O diretor Wes Craven sabe o que a platéia espera de seus filmes. Quer sentir medo, ficar apavorada. E medo é exatamente o que transmite seu novo filme de horror, "Pânico" -acompanhado de muito humor. É evidente que ele está se divertindo, satirizando o gênero que o tornou famoso.
"Meu estilo sempre foi uma combinação esquisita de coisas que você não espera, acompanhada de um senso de humor negro."
Wes Craven em carne e osso é o tipo de sujeito sofisticado e simpático que todos adorariam ter ao lado em um jantar. É difícil conciliar seu bom humor com o sangue e horror que leva às telas.
"As pessoas geralmente se surpreendem ao descobrir que os diretores de filmes de horror, inclusive eu, costumam ser calmos e bonzinhos. Eu normalmente não me identifico com o assassino. E sim com a pessoa que corre perigo. O que ofereço à platéia é o mesmo tipo de medo que já senti na minha vida. É por isso que ela se identifica com o que vê na tela grande."
Em "Pânico", Craven trabalha com um roteiro do novato Kevin Williamson, que gerou furor entre os grandes estúdios de Hollywood. "O roteiro era ótimo", admite Craven. "Até Oliver Stone tentou comprá-lo. Eu mesmo escrevi os roteiros de muitos dos meus filmes -mas fiquei totalmente seduzido pelo trabalho de Kevin. 'Pânico' é uma combinação brilhante de suspense e paródia."
Um dos maiores desafios que Craven enfrentou foi encontrar a máscara certa para o personagem do assassino. "O final é uma surpresa", diz ele. "Queremos que o espectador fique tentando adivinhar qual de várias pessoas pode ser o assassino. Por isso, tivemos que criar uma máscara que não revelasse nada. Foi bem mais difícil do que eu havia imaginado."
Quando Craven concordou em dirigir "Pânico", o projeto já contava com uma estrela -Drew Barrymore, que faz a primeira vítima do serial killer no assustador início do filme. "Durante as filmagens, Drew precisou de muitos abraços. Ela é uma pessoa muito física e quer ter a certeza de que você aprecia o trabalho dela."
Indagado sobre como ele é como diretor, Craven pára para refletir. Finalmente, responde:
"No set, acho que sou como uma espécie de pai doidão, mas que dá apoio. Gosto de me divertir. Faço piadinhas totalmente sem graça e as pessoas reagem com caretas. Aconteceu que eu sei que os atores expõem muito de sua vulnerabilidade diante da câmera. Durante o resto do tempo, quero deixar o ambiente em torno deles o mais seguro e divertido possível. Procuro deixar todo mundo relaxado, apesar de estarmos fazendo um filme de horror."

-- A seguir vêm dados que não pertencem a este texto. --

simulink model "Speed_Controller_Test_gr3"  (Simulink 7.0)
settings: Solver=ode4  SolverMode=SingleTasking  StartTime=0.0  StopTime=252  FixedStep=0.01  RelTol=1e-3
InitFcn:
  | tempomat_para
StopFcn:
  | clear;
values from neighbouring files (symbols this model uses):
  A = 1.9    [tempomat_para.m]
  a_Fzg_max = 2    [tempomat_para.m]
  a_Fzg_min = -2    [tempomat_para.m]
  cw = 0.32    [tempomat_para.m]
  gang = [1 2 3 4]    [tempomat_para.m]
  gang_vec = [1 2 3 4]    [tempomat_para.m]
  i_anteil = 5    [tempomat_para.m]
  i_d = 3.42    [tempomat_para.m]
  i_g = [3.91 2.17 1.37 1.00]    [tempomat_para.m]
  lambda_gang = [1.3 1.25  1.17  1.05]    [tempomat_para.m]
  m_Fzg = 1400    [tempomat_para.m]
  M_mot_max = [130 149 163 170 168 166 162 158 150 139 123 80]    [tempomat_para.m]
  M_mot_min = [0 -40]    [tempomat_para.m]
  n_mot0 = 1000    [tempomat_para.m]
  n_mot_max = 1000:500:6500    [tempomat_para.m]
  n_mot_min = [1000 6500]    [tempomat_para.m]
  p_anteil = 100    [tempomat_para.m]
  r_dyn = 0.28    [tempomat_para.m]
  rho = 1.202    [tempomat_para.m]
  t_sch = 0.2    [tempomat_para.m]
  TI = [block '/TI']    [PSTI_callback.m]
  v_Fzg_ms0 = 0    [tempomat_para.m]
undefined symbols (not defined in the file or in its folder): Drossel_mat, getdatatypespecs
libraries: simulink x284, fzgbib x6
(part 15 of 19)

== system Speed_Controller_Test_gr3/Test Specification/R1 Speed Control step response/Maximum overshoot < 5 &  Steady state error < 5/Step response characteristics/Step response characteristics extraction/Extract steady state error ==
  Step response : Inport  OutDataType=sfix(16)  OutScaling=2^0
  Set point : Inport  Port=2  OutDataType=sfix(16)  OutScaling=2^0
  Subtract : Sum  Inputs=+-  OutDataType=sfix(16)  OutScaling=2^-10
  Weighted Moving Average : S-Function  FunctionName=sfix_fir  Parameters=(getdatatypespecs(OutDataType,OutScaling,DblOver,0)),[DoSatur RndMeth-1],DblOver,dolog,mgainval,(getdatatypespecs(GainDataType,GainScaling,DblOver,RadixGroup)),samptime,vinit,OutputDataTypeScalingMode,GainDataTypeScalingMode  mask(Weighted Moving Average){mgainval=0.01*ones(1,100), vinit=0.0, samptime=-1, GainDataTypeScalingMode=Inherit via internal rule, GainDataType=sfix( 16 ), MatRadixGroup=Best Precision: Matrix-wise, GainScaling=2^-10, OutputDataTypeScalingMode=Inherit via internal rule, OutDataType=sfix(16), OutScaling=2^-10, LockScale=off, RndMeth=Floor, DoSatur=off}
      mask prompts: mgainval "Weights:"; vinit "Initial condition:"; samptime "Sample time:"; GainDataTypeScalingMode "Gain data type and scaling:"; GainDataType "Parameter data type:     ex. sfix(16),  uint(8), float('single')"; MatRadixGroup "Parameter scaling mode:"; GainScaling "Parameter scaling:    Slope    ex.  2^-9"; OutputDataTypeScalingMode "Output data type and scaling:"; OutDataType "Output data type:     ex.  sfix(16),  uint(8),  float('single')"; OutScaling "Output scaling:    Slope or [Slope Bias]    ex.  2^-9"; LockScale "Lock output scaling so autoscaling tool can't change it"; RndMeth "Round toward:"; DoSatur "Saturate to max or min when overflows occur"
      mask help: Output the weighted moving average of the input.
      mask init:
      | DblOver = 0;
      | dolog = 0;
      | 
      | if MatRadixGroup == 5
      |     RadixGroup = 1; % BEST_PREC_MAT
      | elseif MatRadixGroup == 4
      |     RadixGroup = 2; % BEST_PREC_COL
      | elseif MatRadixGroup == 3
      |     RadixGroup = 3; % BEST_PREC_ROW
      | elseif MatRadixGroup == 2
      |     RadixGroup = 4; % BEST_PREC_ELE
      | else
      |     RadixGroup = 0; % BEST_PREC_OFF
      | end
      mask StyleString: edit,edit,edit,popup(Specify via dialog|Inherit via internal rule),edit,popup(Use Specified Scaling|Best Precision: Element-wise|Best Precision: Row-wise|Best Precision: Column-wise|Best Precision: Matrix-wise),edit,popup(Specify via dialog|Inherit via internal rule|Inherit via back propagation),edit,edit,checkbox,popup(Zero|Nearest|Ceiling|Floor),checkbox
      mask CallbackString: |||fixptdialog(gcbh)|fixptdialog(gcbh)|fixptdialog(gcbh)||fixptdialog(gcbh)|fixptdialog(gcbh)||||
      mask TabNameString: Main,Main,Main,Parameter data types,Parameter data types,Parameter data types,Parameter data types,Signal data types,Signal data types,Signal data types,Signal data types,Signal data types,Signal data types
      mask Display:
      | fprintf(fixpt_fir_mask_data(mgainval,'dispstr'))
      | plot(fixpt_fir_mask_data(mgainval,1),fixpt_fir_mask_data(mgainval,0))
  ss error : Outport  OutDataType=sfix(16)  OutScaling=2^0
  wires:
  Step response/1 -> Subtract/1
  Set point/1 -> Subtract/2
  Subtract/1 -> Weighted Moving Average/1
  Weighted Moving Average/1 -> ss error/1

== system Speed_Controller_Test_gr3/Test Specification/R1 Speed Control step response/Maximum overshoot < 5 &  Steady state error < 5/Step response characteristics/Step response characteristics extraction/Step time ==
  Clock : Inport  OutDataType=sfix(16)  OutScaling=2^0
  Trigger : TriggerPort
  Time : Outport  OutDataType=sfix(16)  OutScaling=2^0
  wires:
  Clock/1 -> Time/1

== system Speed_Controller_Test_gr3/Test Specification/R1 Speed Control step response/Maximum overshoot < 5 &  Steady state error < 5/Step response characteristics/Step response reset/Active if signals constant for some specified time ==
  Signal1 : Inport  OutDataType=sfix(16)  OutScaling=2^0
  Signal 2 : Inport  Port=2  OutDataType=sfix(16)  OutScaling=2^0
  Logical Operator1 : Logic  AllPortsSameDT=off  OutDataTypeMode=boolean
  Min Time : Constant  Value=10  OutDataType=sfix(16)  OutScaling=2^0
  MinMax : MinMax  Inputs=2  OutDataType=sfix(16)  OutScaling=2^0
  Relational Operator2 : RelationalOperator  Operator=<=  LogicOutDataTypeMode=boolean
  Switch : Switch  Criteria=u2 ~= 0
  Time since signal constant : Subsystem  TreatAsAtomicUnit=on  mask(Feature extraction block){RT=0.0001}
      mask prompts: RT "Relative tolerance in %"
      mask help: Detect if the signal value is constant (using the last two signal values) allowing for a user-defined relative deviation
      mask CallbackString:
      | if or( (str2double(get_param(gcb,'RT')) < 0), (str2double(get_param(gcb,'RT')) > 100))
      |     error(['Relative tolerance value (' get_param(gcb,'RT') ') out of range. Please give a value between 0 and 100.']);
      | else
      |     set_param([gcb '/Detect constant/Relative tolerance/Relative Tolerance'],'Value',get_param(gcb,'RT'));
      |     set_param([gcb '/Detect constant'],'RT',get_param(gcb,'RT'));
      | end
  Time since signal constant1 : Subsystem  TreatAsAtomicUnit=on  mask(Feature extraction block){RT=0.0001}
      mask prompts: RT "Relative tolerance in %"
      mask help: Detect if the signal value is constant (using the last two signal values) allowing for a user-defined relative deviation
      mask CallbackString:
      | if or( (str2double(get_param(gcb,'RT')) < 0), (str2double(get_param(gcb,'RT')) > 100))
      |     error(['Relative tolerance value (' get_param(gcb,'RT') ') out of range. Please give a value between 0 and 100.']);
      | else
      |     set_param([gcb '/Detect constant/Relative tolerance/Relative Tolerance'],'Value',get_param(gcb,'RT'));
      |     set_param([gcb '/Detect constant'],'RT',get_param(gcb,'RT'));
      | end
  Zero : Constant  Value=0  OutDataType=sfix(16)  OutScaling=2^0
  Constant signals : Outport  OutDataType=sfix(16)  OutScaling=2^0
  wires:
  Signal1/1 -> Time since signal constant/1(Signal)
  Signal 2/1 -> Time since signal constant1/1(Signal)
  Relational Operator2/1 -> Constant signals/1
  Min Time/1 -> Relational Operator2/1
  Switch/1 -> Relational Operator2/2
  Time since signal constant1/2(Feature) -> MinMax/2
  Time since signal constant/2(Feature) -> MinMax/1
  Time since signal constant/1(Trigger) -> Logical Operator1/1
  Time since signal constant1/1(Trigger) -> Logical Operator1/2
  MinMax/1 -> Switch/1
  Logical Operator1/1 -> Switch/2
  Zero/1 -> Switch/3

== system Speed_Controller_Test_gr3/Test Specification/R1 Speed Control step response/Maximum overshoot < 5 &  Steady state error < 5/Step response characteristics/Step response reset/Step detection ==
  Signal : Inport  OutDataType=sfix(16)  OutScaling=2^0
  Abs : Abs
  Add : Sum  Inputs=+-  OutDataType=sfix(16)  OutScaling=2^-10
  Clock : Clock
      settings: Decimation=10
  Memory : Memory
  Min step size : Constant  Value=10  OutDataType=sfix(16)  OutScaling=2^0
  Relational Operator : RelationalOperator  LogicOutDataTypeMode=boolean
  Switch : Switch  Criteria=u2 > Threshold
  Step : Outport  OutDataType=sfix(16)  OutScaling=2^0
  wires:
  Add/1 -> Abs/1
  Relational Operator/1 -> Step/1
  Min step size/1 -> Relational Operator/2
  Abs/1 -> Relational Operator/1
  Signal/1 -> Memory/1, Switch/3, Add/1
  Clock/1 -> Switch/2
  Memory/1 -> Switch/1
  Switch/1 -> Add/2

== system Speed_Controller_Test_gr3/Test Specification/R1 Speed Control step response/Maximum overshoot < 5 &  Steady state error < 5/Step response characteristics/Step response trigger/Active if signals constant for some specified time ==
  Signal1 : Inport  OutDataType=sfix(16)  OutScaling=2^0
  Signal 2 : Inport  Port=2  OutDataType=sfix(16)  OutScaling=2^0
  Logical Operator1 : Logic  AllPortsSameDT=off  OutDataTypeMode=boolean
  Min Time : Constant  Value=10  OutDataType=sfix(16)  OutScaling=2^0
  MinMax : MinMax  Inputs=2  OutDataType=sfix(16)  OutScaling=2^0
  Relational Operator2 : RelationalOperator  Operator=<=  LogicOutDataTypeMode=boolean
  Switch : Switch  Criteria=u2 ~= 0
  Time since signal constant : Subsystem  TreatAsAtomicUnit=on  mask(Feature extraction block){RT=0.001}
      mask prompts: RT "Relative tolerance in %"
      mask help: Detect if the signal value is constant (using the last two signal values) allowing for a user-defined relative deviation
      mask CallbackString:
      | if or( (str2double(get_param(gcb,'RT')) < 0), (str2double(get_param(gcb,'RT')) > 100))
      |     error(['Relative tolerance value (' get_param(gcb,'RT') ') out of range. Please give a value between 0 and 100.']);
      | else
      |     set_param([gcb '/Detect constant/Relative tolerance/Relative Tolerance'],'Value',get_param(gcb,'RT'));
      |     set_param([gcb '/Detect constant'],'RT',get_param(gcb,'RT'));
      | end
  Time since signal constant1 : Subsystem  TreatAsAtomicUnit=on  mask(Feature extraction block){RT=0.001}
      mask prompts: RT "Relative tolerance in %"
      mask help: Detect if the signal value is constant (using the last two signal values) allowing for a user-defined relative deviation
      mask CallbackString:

O que o assusta? Craven sorri diante da pergunta. "Não é nada misterioso", responde.
"Houve uma época em que estudei com um professor de filosofia oriental. Ele me disse: 'Uma das primeiras leis da existência é que a única coisa que você possui é seu próprio corpo. Essa é a verdade primordial.'
Isso, para mim, é muito assustador. Existimos dentro de um invólucro que é muito vulnerável a doenças e agressões externas. Meus filmes -aliás, os filmes de horror- tratam daquele medo primitivo, da necessidade de preservar nossos corpos contra a agressão de força desconhecida."
"Em segundo lugar", continua, "você tem que tratar de outra questão: em quem você pode confiar? Será que você realmente conhece as pessoas próximas a você? Sabe do que elas são capazes?"
"É com esse tipo de medo que eu, pessoalmente, já tive que me confrontar. Passei minha infância em bairros pobres e sei o que é ser ameaçado. Quando eu era criança e meus pais brigavam, eu tinha pesadelos. Morria de medo de dormir, porque não sabia o que estaria acontecendo à minha volta quando acordasse. Já vivi tantos temores em minha vida que sei bem como funciona o medo", diz Craven.
Agora, depois de infundir o medo em clássicos do horror como "A Hora do Pesadelo", Craven admite que hoje, na casa dos 50 anos, está à procura de um novo rumo em sua carreira.
"Tenho sentimentos mistos em relação ao meu sucesso nos filmes de horror", admite. "Eu adoraria fazer algo diferente."